In 1992 European Union legislation was implemented within the UK by the Environmental Protection, part of the Department for Environment, Food and Rural Affairs (DEFRA), as the Controls on Injurious Substances Regulations. This prevented the addition of white lead to almost all paints except those intended for use in historic buildings and as artwork.

==Red lead==
The lead-based pigments (lead tetroxide, calcium plumbate, or "red lead") were widely used as an anti-corrosive primer coating over exterior steelwork. This type of paint might have been applied to garden gates and railings, guttering and downpipes and other external iron and steelwork.

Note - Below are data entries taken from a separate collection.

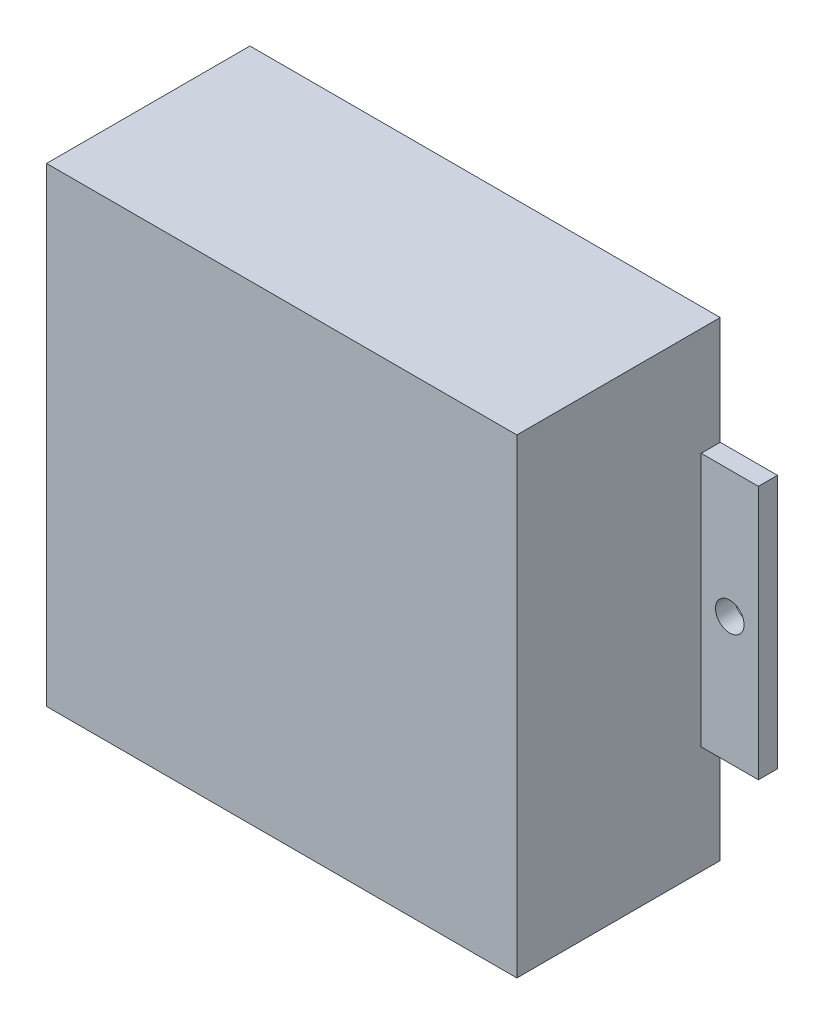
ISO-10303-21;
HEADER;
FILE_DESCRIPTION(('STEP AP214'),'2;1');
FILE_NAME('part.step','',(''),(''),'','','');
FILE_SCHEMA(('AUTOMOTIVE_DESIGN { 1 0 10303 214 1 1 1 1 }'));
ENDSEC;
DATA;
#1=APPLICATION_CONTEXT('core data for automotive mechanical design processes');
#2=APPLICATION_PROTOCOL_DEFINITION('international standard','automotive_design',2000,#1);
#3=PRODUCT_CONTEXT('',#1,'mechanical');
#4=PRODUCT('Part','Part','',(#3));
#5=PRODUCT_RELATED_PRODUCT_CATEGORY('part','',(#4));
#6=PRODUCT_DEFINITION_FORMATION('','',#4);
#7=PRODUCT_DEFINITION_CONTEXT('part definition',#1,'design');
#8=PRODUCT_DEFINITION('design','',#6,#7);
#9=PRODUCT_DEFINITION_SHAPE('','',#8);
#10=(LENGTH_UNIT() NAMED_UNIT(*) SI_UNIT(.MILLI.,.METRE.));
#11=(NAMED_UNIT(*) PLANE_ANGLE_UNIT() SI_UNIT($,.RADIAN.));
#12=(NAMED_UNIT(*) SI_UNIT($,.STERADIAN.) SOLID_ANGLE_UNIT());
#13=UNCERTAINTY_MEASURE_WITH_UNIT(LENGTH_MEASURE(1.E-05),#10,'distance_accuracy_value','');
#14=(GEOMETRIC_REPRESENTATION_CONTEXT(3) GLOBAL_UNCERTAINTY_ASSIGNED_CONTEXT((#13)) GLOBAL_UNIT_ASSIGNED_CONTEXT((#10,
#11,#12)) REPRESENTATION_CONTEXT('',''));
#15=CARTESIAN_POINT('',(0.,0.,0.));
#16=DIRECTION('',(0.,0.,1.));
#17=DIRECTION('',(1.,0.,0.));
#18=AXIS2_PLACEMENT_3D('',#15,#16,#17);
#19=CARTESIAN_POINT('',(41.5,-165.,188.8));
#20=DIRECTION('',(0.,0.,1.));
#21=DIRECTION('',(1.,0.,0.));
#22=AXIS2_PLACEMENT_3D('',#19,#20,#21);
#23=CYLINDRICAL_SURFACE('',#22,2.25);
#24=DIRECTION('',(0.,0.,1.));
#25=VECTOR('',#24,1.);
#26=CARTESIAN_POINT('',(43.75,-165.,188.8));
#27=LINE('',#26,#25);
#28=CARTESIAN_POINT('',(43.75,-165.,189.));
#29=VERTEX_POINT('',#28);
#30=CARTESIAN_POINT('',(43.75,-165.,192.));
#31=VERTEX_POINT('',#30);
#32=EDGE_CURVE('E10',#29,#31,#27,.T.);
#33=ORIENTED_EDGE('',*,*,#32,.F.);
#34=CARTESIAN_POINT('',(41.5,-165.,189.));
#35=DIRECTION('',(0.,0.,1.));
#36=DIRECTION('',(1.,0.,0.));
#37=AXIS2_PLACEMENT_3D('',#34,#35,#36);
#38=CIRCLE('',#37,2.25);
#39=EDGE_CURVE('E156',#29,#29,#38,.T.);
#40=ORIENTED_EDGE('',*,*,#39,.F.);
#41=ORIENTED_EDGE('',*,*,#32,.T.);
#42=CARTESIAN_POINT('',(41.5,-165.,192.));
#43=DIRECTION('',(0.,0.,1.));
#44=DIRECTION('',(1.,0.,0.));
#45=AXIS2_PLACEMENT_3D('',#42,#43,#44);
#46=CIRCLE('',#45,2.25);
#47=EDGE_CURVE('E249',#31,#31,#46,.T.);
#48=ORIENTED_EDGE('',*,*,#47,.T.);
#49=EDGE_LOOP('',(#33,#40,#41,#48));
#50=FACE_BOUND('',#49,.T.);
#51=ADVANCED_FACE('F15',(#50),#23,.F.);
#52=CARTESIAN_POINT('',(46.,-185.,189.));
#53=DIRECTION('',(1.,0.,0.));
#54=DIRECTION('',(0.,1.,0.));
#55=AXIS2_PLACEMENT_3D('',#52,#53,#54);
#56=PLANE('',#55);
#57=DIRECTION('',(0.,0.,1.));
#58=VECTOR('',#57,1.);
#59=CARTESIAN_POINT('',(46.,-185.,189.));
#60=LINE('',#59,#58);
#61=CARTESIAN_POINT('',(46.,-185.,189.));
#62=VERTEX_POINT('',#61);
#63=CARTESIAN_POINT('',(46.,-185.,192.));
#64=VERTEX_POINT('',#63);
#65=EDGE_CURVE('E26',#62,#64,#60,.T.);
#66=ORIENTED_EDGE('',*,*,#65,.F.);
#67=DIRECTION('',(0.,1.,0.));
#68=VECTOR('',#67,1.);
#69=CARTESIAN_POINT('',(46.,-185.,189.));
#70=LINE('',#69,#68);
#71=CARTESIAN_POINT('',(46.,-145.,189.));
#72=VERTEX_POINT('',#71);
#73=EDGE_CURVE('E186',#62,#72,#70,.T.);
#74=ORIENTED_EDGE('',*,*,#73,.T.);
#75=DIRECTION('',(0.,0.,1.));
#76=VECTOR('',#75,1.);
#77=CARTESIAN_POINT('',(46.,-145.,189.));
#78=LINE('',#77,#76);
#79=CARTESIAN_POINT('',(46.,-145.,192.));
#80=VERTEX_POINT('',#79);
#81=EDGE_CURVE('E209',#72,#80,#78,.T.);
#82=ORIENTED_EDGE('',*,*,#81,.T.);
#83=DIRECTION('',(0.,1.,0.));
#84=VECTOR('',#83,1.);
#85=CARTESIAN_POINT('',(46.,-185.,192.));
#86=LINE('',#85,#84);
#87=EDGE_CURVE('E247',#64,#80,#86,.T.);
#88=ORIENTED_EDGE('',*,*,#87,.F.);
#89=EDGE_LOOP('',(#66,#74,#82,#88));
#90=FACE_BOUND('',#89,.T.);
#91=ADVANCED_FACE('F352',(#90),#56,.T.);
#92=CARTESIAN_POINT('',(37.,-185.,189.));
#93=DIRECTION('',(0.,1.,0.));
#94=DIRECTION('',(1.,0.,0.));
#95=AXIS2_PLACEMENT_3D('',#92,#93,#94);
#96=PLANE('',#95);
#97=ORIENTED_EDGE('',*,*,#65,.T.);
#98=DIRECTION('',(1.,0.,0.));
#99=VECTOR('',#98,1.);
#100=CARTESIAN_POINT('',(37.,-185.,192.));
#101=LINE('',#100,#99);
#102=CARTESIAN_POINT('',(37.,-185.,192.));
#103=VERTEX_POINT('',#102);
#104=EDGE_CURVE('E222',#103,#64,#101,.T.);
#105=ORIENTED_EDGE('',*,*,#104,.F.);
#106=DIRECTION('',(0.,0.,1.));
#107=VECTOR('',#106,1.);
#108=CARTESIAN_POINT('',(37.,-185.,189.));
#109=LINE('',#108,#107);
#110=CARTESIAN_POINT('',(37.,-185.,189.));
#111=VERTEX_POINT('',#110);
#112=EDGE_CURVE('E237',#111,#103,#109,.T.);
#113=ORIENTED_EDGE('',*,*,#112,.F.);
#114=DIRECTION('',(1.,0.,0.));
#115=VECTOR('',#114,1.);
#116=CARTESIAN_POINT('',(37.,-185.,189.));
#117=LINE('',#116,#115);
#118=EDGE_CURVE('E262',#111,#62,#117,.T.);
#119=ORIENTED_EDGE('',*,*,#118,.T.);
#120=EDGE_LOOP('',(#97,#105,#113,#119));
#121=FACE_BOUND('',#120,.T.);
#122=ADVANCED_FACE('F17',(#121),#96,.F.);
#123=CARTESIAN_POINT('',(37.,-185.,192.));
#124=DIRECTION('',(0.,0.,1.));
#125=DIRECTION('',(1.,0.,0.));
#126=AXIS2_PLACEMENT_3D('',#123,#124,#125);
#127=PLANE('',#126);
#128=ORIENTED_EDGE('',*,*,#47,.F.);
#129=EDGE_LOOP('',(#128));
#130=FACE_BOUND('',#129,.T.);
#131=DIRECTION('',(0.,1.,0.));
#132=VECTOR('',#131,1.);
#133=CARTESIAN_POINT('',(37.,-185.,192.));
#134=LINE('',#133,#132);
#135=CARTESIAN_POINT('',(37.,-145.,192.));
#136=VERTEX_POINT('',#135);
#137=EDGE_CURVE('E233',#103,#136,#134,.T.);
#138=ORIENTED_EDGE('',*,*,#137,.F.);
#139=ORIENTED_EDGE('',*,*,#104,.T.);
#140=ORIENTED_EDGE('',*,*,#87,.T.);
#141=DIRECTION('',(1.,0.,0.));
#142=VECTOR('',#141,1.);
#143=CARTESIAN_POINT('',(37.,-145.,192.));
#144=LINE('',#143,#142);
#145=EDGE_CURVE('E149',#136,#80,#144,.T.);
#146=ORIENTED_EDGE('',*,*,#145,.F.);
#147=EDGE_LOOP('',(#138,#139,#140,#146));
#148=FACE_BOUND('',#147,.T.);
#149=ADVANCED_FACE('F297',(#130,#148),#127,.T.);
#150=CARTESIAN_POINT('',(37.,-145.,189.));
#151=DIRECTION('',(0.,1.,0.));
#152=DIRECTION('',(1.,0.,0.));
#153=AXIS2_PLACEMENT_3D('',#150,#151,#152);
#154=PLANE('',#153);
#155=DIRECTION('',(1.,0.,0.));
#156=VECTOR('',#155,1.);
#157=CARTESIAN_POINT('',(37.,-145.,189.));
#158=LINE('',#157,#156);
#159=CARTESIAN_POINT('',(37.,-145.,189.));
#160=VERTEX_POINT('',#159);
#161=EDGE_CURVE('E182',#160,#72,#158,.T.);
#162=ORIENTED_EDGE('',*,*,#161,.F.);
#163=DIRECTION('',(0.,0.,1.));
#164=VECTOR('',#163,1.);
#165=CARTESIAN_POINT('',(37.,-145.,189.));
#166=LINE('',#165,#164);
#167=EDGE_CURVE('E150',#160,#136,#166,.T.);
#168=ORIENTED_EDGE('',*,*,#167,.T.);
#169=ORIENTED_EDGE('',*,*,#145,.T.);
#170=ORIENTED_EDGE('',*,*,#81,.F.);
#171=EDGE_LOOP('',(#162,#168,#169,#170));
#172=FACE_BOUND('',#171,.T.);
#173=ADVANCED_FACE('F300',(#172),#154,.T.);
#174=CARTESIAN_POINT('',(-41.5,-165.,188.8));
#175=DIRECTION('',(0.,0.,1.));
#176=DIRECTION('',(1.,0.,0.));
#177=AXIS2_PLACEMENT_3D('',#174,#175,#176);
#178=CYLINDRICAL_SURFACE('',#177,2.25);
#179=DIRECTION('',(0.,0.,1.));
#180=VECTOR('',#179,1.);
#181=CARTESIAN_POINT('',(-39.25,-165.,188.8));
#182=LINE('',#181,#180);
#183=CARTESIAN_POINT('',(-39.25,-165.,189.));
#184=VERTEX_POINT('',#183);
#185=CARTESIAN_POINT('',(-39.25,-165.,192.));
#186=VERTEX_POINT('',#185);
#187=EDGE_CURVE('E142',#184,#186,#182,.T.);
#188=ORIENTED_EDGE('',*,*,#187,.F.);
#189=CARTESIAN_POINT('',(-41.5,-165.,189.));
#190=DIRECTION('',(0.,0.,1.));
#191=DIRECTION('',(1.,0.,0.));
#192=AXIS2_PLACEMENT_3D('',#189,#190,#191);
#193=CIRCLE('',#192,2.25);
#194=EDGE_CURVE('E145',#184,#184,#193,.T.);
#195=ORIENTED_EDGE('',*,*,#194,.F.);
#196=ORIENTED_EDGE('',*,*,#187,.T.);
#197=CARTESIAN_POINT('',(-41.5,-165.,192.));
#198=DIRECTION('',(0.,0.,1.));
#199=DIRECTION('',(1.,0.,0.));
#200=AXIS2_PLACEMENT_3D('',#197,#198,#199);
#201=CIRCLE('',#200,2.25);
#202=EDGE_CURVE('E147',#186,#186,#201,.T.);
#203=ORIENTED_EDGE('',*,*,#202,.T.);
#204=EDGE_LOOP('',(#188,#195,#196,#203));
#205=FACE_BOUND('',#204,.T.);
#206=ADVANCED_FACE('F144',(#205),#178,.F.);
#207=CARTESIAN_POINT('',(-46.,-185.,189.));
#208=DIRECTION('',(1.,0.,0.));
#209=DIRECTION('',(0.,1.,0.));
#210=AXIS2_PLACEMENT_3D('',#207,#208,#209);
#211=PLANE('',#210);
#212=DIRECTION('',(0.,1.,0.));
#213=VECTOR('',#212,1.);
#214=CARTESIAN_POINT('',(-46.,-185.,192.));
#215=LINE('',#214,#213);
#216=CARTESIAN_POINT('',(-46.,-185.,192.));
#217=VERTEX_POINT('',#216);
#218=CARTESIAN_POINT('',(-46.,-145.,192.));
#219=VERTEX_POINT('',#218);
#220=EDGE_CURVE('E174',#217,#219,#215,.T.);
#221=ORIENTED_EDGE('',*,*,#220,.T.);
#222=DIRECTION('',(0.,0.,1.));
#223=VECTOR('',#222,1.);
#224=CARTESIAN_POINT('',(-46.,-145.,189.));
#225=LINE('',#224,#223);
#226=CARTESIAN_POINT('',(-46.,-145.,189.));
#227=VERTEX_POINT('',#226);
#228=EDGE_CURVE('E164',#227,#219,#225,.T.);
#229=ORIENTED_EDGE('',*,*,#228,.F.);
#230=DIRECTION('',(0.,1.,0.));
#231=VECTOR('',#230,1.);
#232=CARTESIAN_POINT('',(-46.,-185.,189.));
#233=LINE('',#232,#231);
#234=CARTESIAN_POINT('',(-46.,-185.,189.));
#235=VERTEX_POINT('',#234);
#236=EDGE_CURVE('E275',#235,#227,#233,.T.);
#237=ORIENTED_EDGE('',*,*,#236,.F.);
#238=DIRECTION('',(0.,0.,1.));
#239=VECTOR('',#238,1.);
#240=CARTESIAN_POINT('',(-46.,-185.,189.));
#241=LINE('',#240,#239);
#242=EDGE_CURVE('E254',#235,#217,#241,.T.);
#243=ORIENTED_EDGE('',*,*,#242,.T.);
#244=EDGE_LOOP('',(#221,#229,#237,#243));
#245=FACE_BOUND('',#244,.T.);
#246=ADVANCED_FACE('F338',(#245),#211,.F.);
#247=CARTESIAN_POINT('',(37.,-202.,189.));
#248=DIRECTION('',(1.,0.,0.));
#249=DIRECTION('',(0.,1.,0.));
#250=AXIS2_PLACEMENT_3D('',#247,#248,#249);
#251=PLANE('',#250);
#252=DIRECTION('',(0.,1.,0.));
#253=VECTOR('',#252,1.);
#254=CARTESIAN_POINT('',(37.,-202.,221.));
#255=LINE('',#254,#253);
#256=CARTESIAN_POINT('',(37.,-202.,221.));
#257=VERTEX_POINT('',#256);
#258=CARTESIAN_POINT('',(37.,-128.,221.));
#259=VERTEX_POINT('',#258);
#260=EDGE_CURVE('E205',#257,#259,#255,.T.);
#261=ORIENTED_EDGE('',*,*,#260,.F.);
#262=DIRECTION('',(0.,0.,1.));
#263=VECTOR('',#262,1.);
#264=CARTESIAN_POINT('',(37.,-202.,189.));
#265=LINE('',#264,#263);
#266=CARTESIAN_POINT('',(37.,-202.,189.));
#267=VERTEX_POINT('',#266);
#268=EDGE_CURVE('E251',#267,#257,#265,.T.);
#269=ORIENTED_EDGE('',*,*,#268,.F.);
#270=DIRECTION('',(0.,1.,0.));
#271=VECTOR('',#270,1.);
#272=CARTESIAN_POINT('',(37.,-202.,189.));
#273=LINE('',#272,#271);
#274=EDGE_CURVE('E168',#267,#111,#273,.T.);
#275=ORIENTED_EDGE('',*,*,#274,.T.);
#276=ORIENTED_EDGE('',*,*,#112,.T.);
#277=ORIENTED_EDGE('',*,*,#137,.T.);
#278=ORIENTED_EDGE('',*,*,#167,.F.);
#279=DIRECTION('',(0.,1.,0.));
#280=VECTOR('',#279,1.);
#281=CARTESIAN_POINT('',(37.,-202.,189.));
#282=LINE('',#281,#280);
#283=CARTESIAN_POINT('',(37.,-128.,189.));
#284=VERTEX_POINT('',#283);
#285=EDGE_CURVE('E187',#160,#284,#282,.T.);
#286=ORIENTED_EDGE('',*,*,#285,.T.);
#287=DIRECTION('',(0.,0.,1.));
#288=VECTOR('',#287,1.);
#289=CARTESIAN_POINT('',(37.,-128.,189.));
#290=LINE('',#289,#288);
#291=EDGE_CURVE('E223',#284,#259,#290,.T.);
#292=ORIENTED_EDGE('',*,*,#291,.T.);
#293=EDGE_LOOP('',(#261,#269,#275,#276,#277,#278,#286,#292));
#294=FACE_BOUND('',#293,.T.);
#295=ADVANCED_FACE('F289',(#294),#251,.T.);
#296=CARTESIAN_POINT('',(-37.,-202.,189.));
#297=DIRECTION('',(0.,1.,0.));
#298=DIRECTION('',(1.,0.,0.));
#299=AXIS2_PLACEMENT_3D('',#296,#297,#298);
#300=PLANE('',#299);
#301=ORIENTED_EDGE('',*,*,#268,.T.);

Similar red lead-based compounds were also widely used as a jointing compound in engineering, to form steam- or oil-tight flanged joints in pipework.

Red lead in paint was not banned by the 1992 legislation or by more recent EU REACH regulations and the SPAB confirm it is technically available in the UK but only by special licence. In practice however it has been replaced by safer alternatives (such as red oxide) by most UK/EU paint suppliers; and indeed of those that still supply it, some mistakenly assume it is covered by the 1992 regulations and request approval from a 'competent body' before purchase.

==Coloured lead paint==
Until the early 1970s red, yellow, orange and green lead-based pigments (lead chromate) were added to a limited number of decorative coloured gloss and wall paints. Following this non-lead alternatives were used as pigments.

However lead chromate continued to be used in yellow road markings up to the present day. Its use was supposed to cease on 21 May 2015, the sunset date set by EU REACH regulations. However a last minute request for authorization by the Canadian pigment producer Dominion Colour Corporation (DCC) has had preliminary support by the European Chemicals Agency, which if approved could see its use continue in road markings until 2022 or later.

==Lead drying agent==
Lead (lead naphthenate) was added as a drying agent to some types of paint to ensure the paint surface hardened. In the 1960s this practice was phased out for ordinary paint available to the general public, however its use has not (so far) been banned by legislation.

==Advocacy==

The Lead Paint Safety Association (LiPSA) is a not-for-profit UK organisation that aims to promote awareness and best practice in lead paint safety and compliance. LiPSA's objective is to prevent and ultimately to eliminate childhood and occupational lead poisoning. LiPSA was founded by Tristan Olivier.

LiPSA's members include individuals and organisations, especially those in the area of lead paint testing and removal and offers web-based, email and telephone advice in relation to lead paint, including testing strategies. LiPSA also offers an emergency telephone support line for child lead poisoning and/or occupational exposure concerns.